Stored items:
___

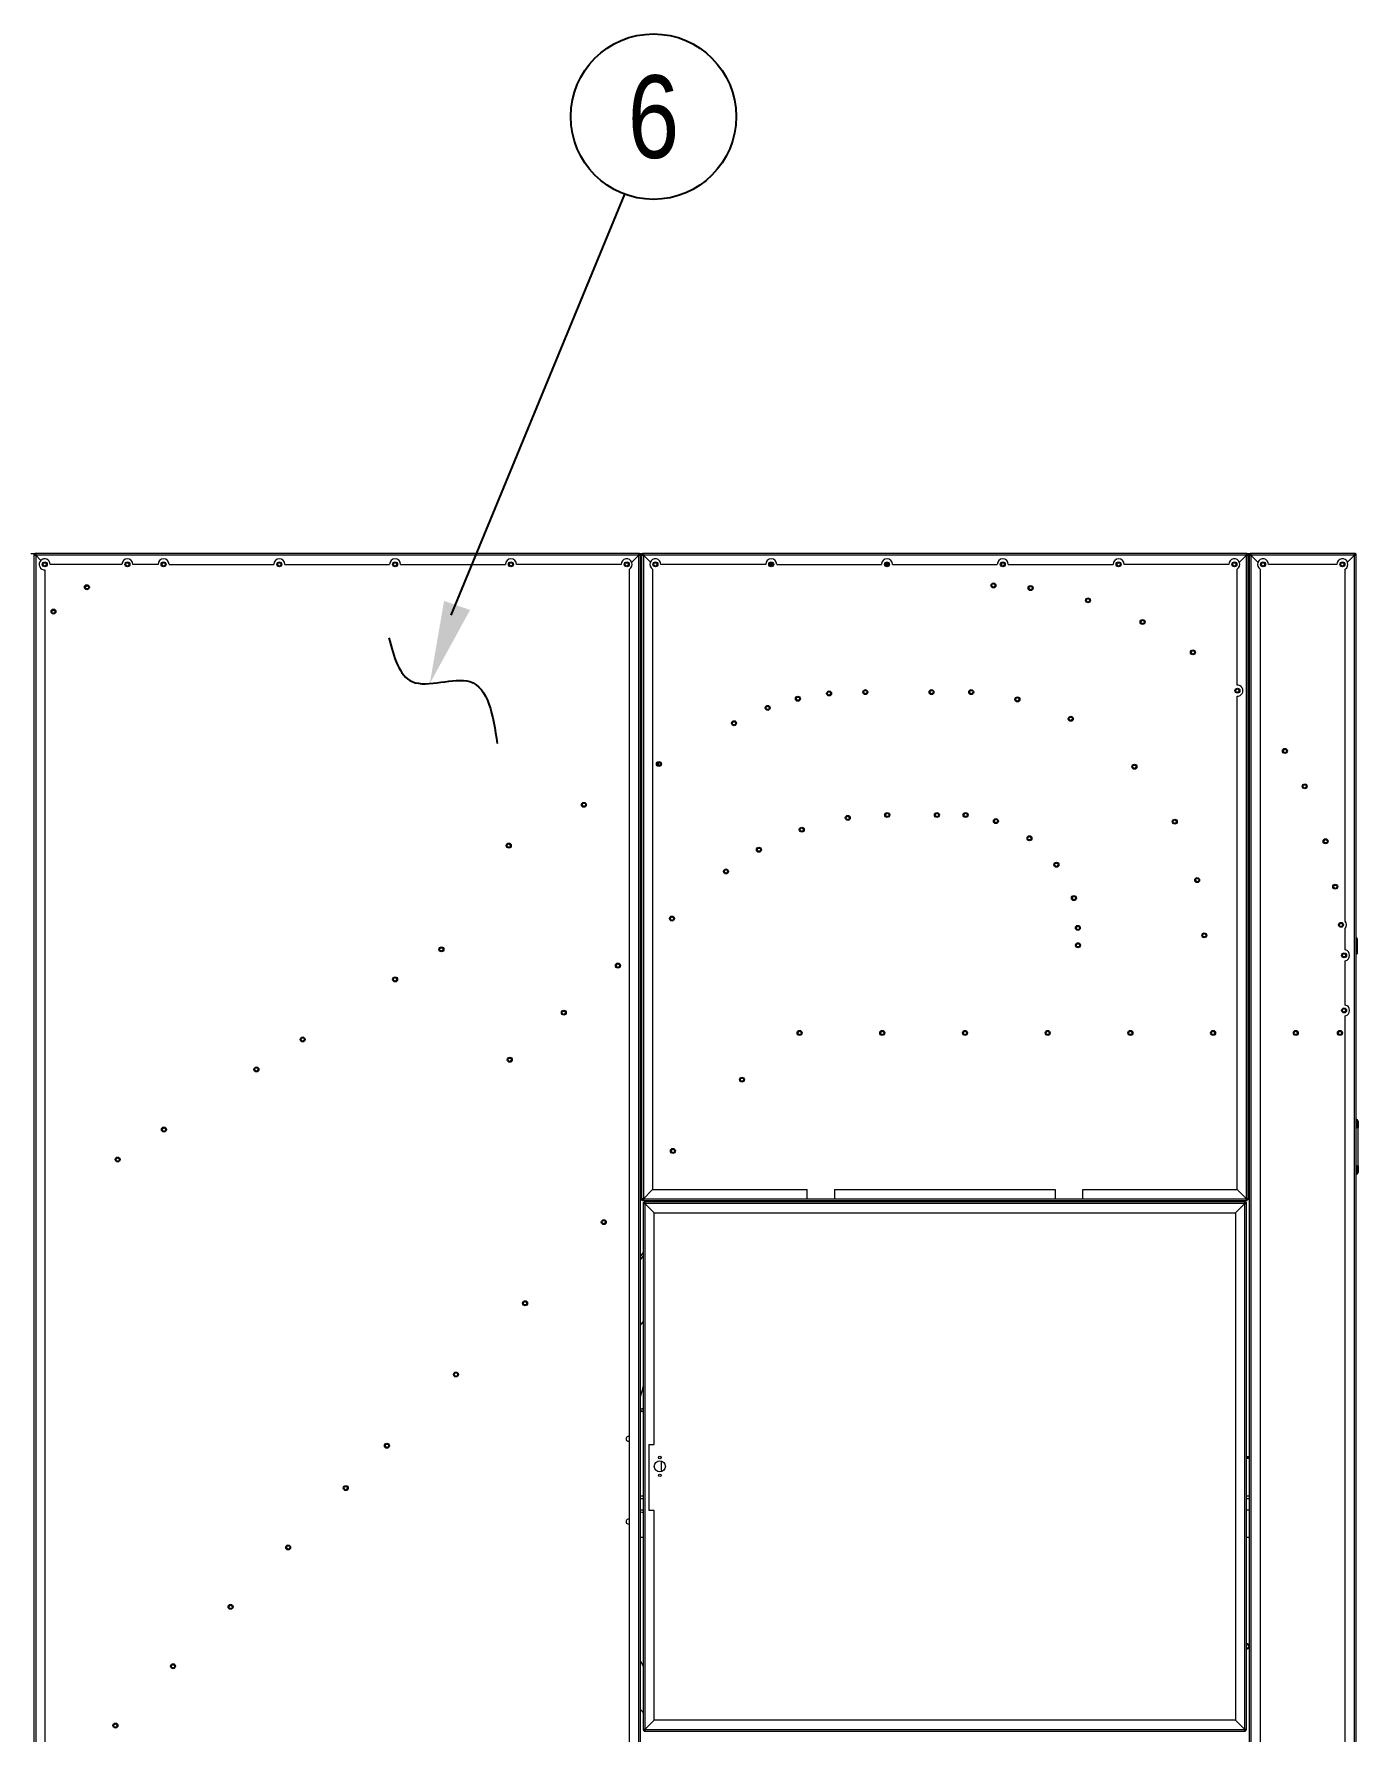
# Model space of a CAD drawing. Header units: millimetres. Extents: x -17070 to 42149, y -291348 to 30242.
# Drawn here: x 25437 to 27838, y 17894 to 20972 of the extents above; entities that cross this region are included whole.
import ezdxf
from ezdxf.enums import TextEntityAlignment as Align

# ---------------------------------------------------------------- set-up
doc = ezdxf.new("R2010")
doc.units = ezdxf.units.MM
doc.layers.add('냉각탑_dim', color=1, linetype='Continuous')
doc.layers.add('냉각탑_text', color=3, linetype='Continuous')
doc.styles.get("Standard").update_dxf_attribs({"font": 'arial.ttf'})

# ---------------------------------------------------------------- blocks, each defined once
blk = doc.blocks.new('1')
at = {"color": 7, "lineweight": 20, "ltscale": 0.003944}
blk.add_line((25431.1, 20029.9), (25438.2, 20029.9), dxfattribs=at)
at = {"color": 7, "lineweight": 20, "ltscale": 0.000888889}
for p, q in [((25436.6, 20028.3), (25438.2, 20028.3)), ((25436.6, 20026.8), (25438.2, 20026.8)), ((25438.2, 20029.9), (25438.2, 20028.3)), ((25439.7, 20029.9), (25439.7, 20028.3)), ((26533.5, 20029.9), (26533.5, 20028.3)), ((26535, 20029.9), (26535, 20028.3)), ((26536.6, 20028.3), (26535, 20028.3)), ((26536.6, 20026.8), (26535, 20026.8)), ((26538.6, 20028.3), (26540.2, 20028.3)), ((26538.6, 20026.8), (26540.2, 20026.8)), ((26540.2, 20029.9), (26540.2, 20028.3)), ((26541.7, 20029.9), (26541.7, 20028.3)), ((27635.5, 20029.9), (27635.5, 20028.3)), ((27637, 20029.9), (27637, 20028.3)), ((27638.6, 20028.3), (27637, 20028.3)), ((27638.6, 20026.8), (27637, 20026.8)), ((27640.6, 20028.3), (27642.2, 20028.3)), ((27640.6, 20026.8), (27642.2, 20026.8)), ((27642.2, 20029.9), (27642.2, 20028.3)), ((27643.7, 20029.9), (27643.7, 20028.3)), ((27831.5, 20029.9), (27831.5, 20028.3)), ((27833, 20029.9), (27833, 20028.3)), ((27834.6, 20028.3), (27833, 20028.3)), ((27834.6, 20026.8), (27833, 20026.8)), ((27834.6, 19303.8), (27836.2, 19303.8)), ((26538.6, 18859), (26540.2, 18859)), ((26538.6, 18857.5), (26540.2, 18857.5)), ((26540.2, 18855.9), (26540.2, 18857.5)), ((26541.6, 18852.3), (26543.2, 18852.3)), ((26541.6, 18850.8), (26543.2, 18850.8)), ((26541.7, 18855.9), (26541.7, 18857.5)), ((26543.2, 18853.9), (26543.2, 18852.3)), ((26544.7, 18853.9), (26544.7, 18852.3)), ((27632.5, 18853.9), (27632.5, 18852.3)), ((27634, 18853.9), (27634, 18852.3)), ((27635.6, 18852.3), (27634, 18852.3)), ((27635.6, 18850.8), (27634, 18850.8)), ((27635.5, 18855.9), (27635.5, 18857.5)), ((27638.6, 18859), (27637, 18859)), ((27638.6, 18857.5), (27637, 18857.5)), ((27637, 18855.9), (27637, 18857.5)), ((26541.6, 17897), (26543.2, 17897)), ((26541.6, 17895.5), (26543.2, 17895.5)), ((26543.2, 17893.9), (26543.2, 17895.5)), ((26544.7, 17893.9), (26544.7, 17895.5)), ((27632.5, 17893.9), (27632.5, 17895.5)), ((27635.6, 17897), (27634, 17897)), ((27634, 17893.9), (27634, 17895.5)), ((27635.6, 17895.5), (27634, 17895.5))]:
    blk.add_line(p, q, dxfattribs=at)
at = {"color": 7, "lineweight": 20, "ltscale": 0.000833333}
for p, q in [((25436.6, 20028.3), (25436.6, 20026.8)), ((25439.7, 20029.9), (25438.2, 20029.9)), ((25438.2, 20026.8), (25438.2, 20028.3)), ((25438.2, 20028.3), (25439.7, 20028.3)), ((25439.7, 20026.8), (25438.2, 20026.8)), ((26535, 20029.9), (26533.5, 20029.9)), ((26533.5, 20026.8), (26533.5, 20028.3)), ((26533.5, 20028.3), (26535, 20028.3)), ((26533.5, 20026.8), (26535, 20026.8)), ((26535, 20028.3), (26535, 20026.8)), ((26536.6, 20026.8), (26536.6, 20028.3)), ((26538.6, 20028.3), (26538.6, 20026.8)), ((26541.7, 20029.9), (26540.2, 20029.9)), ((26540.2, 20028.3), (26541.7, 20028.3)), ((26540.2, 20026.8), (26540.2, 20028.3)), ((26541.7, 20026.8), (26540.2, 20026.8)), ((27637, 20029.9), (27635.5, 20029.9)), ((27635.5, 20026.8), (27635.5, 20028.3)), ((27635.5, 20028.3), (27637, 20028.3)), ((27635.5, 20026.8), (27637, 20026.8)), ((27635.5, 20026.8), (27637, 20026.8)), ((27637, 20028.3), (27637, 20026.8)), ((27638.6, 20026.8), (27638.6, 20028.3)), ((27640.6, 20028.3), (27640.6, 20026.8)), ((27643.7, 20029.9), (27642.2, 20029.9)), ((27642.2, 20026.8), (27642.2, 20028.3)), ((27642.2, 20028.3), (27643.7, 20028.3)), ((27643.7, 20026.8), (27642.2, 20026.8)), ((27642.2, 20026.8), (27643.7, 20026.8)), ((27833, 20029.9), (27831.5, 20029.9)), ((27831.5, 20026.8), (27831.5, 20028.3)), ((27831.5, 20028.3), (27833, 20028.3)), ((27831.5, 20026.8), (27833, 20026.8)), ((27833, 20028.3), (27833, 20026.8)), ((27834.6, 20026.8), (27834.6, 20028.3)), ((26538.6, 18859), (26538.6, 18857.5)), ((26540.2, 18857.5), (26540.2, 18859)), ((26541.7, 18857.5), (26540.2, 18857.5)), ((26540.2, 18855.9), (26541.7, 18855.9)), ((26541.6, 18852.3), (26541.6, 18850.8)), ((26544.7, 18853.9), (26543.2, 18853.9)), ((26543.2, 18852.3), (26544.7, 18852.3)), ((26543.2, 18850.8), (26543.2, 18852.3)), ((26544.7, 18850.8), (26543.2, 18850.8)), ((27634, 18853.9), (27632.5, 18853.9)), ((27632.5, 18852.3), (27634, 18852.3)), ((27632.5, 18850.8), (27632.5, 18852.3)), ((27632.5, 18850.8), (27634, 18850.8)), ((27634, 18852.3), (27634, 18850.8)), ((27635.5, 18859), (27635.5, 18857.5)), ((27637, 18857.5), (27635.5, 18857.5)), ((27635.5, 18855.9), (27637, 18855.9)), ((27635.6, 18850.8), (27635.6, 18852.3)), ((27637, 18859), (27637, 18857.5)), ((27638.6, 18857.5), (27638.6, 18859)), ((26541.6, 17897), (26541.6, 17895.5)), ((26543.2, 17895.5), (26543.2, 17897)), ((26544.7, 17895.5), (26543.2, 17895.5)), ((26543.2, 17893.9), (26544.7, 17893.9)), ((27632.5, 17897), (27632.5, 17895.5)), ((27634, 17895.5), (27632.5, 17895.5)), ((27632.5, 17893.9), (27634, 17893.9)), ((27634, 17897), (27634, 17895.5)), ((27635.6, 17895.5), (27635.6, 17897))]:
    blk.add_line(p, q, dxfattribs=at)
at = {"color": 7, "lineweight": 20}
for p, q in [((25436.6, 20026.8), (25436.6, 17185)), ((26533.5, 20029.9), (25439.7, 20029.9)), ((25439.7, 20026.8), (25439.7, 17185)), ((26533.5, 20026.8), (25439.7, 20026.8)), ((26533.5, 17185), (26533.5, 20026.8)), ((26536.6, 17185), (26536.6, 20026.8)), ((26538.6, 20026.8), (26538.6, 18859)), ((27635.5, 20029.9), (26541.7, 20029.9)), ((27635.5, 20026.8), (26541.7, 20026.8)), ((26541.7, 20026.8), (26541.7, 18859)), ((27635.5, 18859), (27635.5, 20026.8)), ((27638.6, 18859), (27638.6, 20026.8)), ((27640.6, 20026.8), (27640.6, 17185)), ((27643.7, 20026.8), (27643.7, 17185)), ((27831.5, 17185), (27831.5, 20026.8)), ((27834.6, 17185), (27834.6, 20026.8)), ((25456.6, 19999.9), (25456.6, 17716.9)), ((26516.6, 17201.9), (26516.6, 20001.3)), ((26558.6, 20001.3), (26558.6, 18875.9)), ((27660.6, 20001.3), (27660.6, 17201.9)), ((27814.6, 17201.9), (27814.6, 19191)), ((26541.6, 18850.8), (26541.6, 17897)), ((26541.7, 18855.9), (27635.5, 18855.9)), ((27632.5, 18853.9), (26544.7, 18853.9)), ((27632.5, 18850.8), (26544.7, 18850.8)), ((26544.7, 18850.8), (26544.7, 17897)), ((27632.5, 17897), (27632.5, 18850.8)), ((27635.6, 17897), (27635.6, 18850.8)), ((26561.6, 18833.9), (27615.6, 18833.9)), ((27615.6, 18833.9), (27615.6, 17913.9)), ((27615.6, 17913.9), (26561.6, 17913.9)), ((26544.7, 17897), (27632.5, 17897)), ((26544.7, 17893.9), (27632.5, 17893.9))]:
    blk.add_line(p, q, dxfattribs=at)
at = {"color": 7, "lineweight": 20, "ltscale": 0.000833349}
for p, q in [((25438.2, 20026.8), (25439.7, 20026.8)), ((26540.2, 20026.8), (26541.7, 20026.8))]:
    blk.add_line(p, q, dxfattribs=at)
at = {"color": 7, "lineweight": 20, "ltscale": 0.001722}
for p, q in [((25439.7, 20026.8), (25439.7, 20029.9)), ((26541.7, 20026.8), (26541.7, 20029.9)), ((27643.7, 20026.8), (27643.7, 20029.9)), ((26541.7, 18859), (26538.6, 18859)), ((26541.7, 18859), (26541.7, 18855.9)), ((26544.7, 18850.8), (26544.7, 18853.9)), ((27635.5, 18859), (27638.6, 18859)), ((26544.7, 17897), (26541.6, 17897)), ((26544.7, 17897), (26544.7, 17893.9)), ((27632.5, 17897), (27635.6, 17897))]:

___

_Task goal_
Read the data above and pull out each line that holds the string "ezdxf".

_Your solution_
import ezdxf
from ezdxf.enums import TextEntityAlignment as Align
doc = ezdxf.new("R2010")
doc.units = ezdxf.units.MM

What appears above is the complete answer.